- Problem statement
Collect all lines below with the string "Fixed".

- Records for this task
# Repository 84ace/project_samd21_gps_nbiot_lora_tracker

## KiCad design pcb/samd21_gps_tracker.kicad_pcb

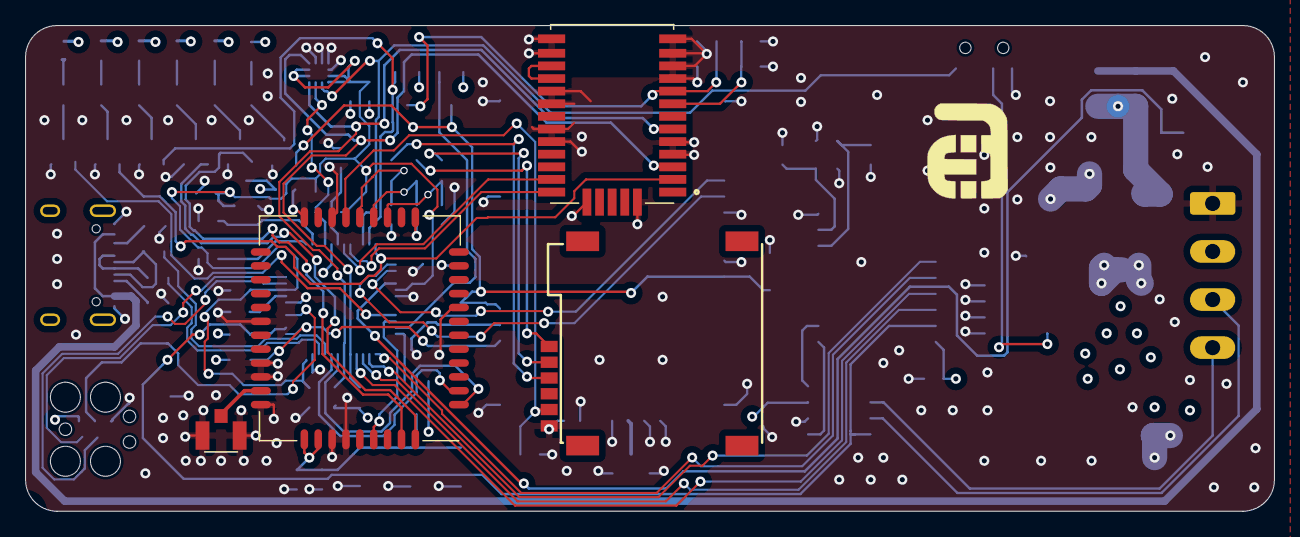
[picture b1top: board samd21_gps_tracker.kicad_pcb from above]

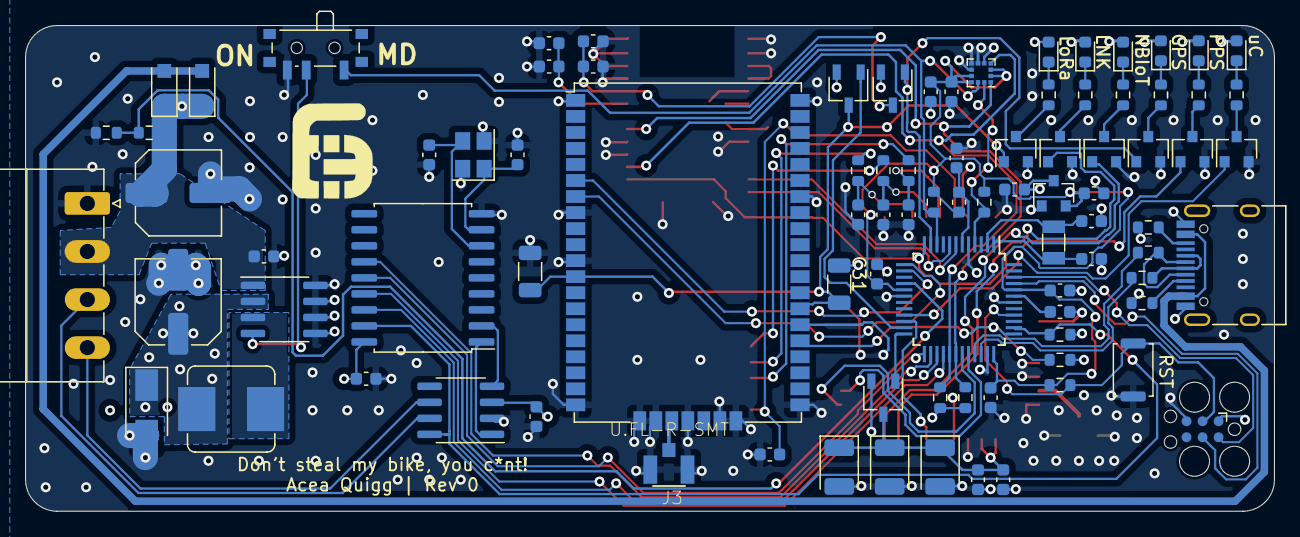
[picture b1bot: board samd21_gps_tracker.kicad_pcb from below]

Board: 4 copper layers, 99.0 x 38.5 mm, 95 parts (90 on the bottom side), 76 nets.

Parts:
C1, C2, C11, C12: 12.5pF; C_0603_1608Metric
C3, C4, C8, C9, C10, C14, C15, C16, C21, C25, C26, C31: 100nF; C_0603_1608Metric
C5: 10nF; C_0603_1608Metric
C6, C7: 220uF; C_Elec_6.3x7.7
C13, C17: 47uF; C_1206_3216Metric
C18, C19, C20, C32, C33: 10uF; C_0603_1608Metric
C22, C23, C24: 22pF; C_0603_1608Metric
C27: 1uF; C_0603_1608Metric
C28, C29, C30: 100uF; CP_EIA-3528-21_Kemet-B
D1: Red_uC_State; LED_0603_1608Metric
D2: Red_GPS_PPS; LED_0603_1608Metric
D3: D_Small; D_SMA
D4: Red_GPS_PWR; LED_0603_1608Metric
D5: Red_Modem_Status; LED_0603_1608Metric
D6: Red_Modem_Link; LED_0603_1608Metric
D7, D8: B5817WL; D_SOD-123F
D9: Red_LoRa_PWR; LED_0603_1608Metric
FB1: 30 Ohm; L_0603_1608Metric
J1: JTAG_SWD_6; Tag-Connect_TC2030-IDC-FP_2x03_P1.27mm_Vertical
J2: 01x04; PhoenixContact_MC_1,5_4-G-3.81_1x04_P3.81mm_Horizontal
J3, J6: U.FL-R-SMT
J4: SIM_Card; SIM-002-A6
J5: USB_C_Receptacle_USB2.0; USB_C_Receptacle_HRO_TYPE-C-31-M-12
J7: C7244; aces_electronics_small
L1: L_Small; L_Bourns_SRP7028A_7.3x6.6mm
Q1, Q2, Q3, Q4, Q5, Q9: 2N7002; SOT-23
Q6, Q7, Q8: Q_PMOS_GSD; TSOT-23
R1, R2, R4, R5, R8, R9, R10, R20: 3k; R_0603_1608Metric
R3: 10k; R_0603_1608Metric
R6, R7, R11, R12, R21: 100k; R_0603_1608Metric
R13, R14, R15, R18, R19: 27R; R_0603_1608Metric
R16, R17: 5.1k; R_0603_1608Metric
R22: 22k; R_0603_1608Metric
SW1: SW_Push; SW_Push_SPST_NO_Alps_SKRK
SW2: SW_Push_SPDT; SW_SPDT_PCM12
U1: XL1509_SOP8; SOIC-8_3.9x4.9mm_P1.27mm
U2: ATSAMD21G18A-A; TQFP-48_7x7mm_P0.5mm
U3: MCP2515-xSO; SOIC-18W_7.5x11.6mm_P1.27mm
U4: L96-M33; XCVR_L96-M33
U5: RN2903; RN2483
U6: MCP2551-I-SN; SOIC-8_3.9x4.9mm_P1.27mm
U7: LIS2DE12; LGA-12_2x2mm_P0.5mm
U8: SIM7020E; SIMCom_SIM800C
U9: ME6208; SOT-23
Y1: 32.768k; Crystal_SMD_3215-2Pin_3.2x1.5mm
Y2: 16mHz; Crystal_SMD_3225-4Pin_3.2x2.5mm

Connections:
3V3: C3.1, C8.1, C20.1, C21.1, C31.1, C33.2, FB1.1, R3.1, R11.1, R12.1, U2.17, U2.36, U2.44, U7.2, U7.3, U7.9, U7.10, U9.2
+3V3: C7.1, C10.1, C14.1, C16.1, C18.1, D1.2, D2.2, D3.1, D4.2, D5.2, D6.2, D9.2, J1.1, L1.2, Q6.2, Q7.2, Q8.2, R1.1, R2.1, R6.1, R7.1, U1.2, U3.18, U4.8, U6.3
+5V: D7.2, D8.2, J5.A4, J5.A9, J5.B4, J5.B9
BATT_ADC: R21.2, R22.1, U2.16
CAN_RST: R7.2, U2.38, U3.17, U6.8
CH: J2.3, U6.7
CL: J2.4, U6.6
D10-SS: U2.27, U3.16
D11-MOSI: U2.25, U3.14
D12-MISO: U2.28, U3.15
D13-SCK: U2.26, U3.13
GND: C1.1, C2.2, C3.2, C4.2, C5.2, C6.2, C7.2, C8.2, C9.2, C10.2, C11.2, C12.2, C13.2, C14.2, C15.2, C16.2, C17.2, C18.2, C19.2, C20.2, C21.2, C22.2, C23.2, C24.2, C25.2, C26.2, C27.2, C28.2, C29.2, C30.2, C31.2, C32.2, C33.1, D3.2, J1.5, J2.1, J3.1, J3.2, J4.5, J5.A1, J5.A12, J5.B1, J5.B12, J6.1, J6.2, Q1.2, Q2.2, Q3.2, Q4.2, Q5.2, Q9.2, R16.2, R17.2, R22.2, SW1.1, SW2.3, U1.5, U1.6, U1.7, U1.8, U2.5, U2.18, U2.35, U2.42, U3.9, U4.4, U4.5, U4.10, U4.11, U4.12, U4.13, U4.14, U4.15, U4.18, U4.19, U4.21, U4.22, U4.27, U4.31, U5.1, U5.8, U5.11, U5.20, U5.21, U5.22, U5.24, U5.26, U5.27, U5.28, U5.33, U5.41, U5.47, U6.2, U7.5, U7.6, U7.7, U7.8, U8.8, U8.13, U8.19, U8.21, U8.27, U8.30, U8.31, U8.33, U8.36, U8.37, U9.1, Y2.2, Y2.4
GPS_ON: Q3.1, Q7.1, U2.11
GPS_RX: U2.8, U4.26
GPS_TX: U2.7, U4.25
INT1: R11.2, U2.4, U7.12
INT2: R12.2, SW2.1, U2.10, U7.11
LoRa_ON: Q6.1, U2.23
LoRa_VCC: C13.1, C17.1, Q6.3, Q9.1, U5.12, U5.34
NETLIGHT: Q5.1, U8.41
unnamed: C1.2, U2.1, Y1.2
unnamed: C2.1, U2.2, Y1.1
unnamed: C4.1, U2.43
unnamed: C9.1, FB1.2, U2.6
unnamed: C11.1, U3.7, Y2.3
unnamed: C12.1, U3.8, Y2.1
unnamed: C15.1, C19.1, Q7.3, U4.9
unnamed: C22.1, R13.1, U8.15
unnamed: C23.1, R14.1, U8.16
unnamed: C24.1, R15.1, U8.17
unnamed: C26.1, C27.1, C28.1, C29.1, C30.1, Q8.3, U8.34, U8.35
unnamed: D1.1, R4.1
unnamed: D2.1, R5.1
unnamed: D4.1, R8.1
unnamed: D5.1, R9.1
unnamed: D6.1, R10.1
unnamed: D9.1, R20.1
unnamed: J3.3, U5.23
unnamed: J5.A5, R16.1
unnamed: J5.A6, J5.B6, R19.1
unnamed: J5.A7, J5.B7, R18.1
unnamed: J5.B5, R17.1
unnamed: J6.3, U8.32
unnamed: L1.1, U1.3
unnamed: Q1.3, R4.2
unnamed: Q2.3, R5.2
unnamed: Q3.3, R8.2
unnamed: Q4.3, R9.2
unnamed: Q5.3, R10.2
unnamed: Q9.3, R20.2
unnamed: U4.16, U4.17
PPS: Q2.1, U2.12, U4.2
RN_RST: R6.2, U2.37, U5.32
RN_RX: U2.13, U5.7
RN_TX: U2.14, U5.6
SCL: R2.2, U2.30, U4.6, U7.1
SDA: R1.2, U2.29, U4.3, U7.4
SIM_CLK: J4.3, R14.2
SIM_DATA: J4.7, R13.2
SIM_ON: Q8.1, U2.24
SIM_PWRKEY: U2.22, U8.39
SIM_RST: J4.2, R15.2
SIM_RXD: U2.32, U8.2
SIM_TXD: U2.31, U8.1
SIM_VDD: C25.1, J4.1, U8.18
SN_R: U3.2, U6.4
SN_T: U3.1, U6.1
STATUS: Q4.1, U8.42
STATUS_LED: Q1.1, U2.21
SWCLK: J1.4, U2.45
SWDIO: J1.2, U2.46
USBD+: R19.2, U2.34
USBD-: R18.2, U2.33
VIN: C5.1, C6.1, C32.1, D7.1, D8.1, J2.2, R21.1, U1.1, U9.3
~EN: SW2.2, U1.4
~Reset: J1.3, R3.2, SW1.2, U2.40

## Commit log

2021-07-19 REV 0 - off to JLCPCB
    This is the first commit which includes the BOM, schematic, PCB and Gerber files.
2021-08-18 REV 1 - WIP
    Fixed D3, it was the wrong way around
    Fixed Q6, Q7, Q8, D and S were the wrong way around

- Answer to the problem
    Fixed D3, it was the wrong way around
    Fixed Q6, Q7, Q8, D and S were the wrong way around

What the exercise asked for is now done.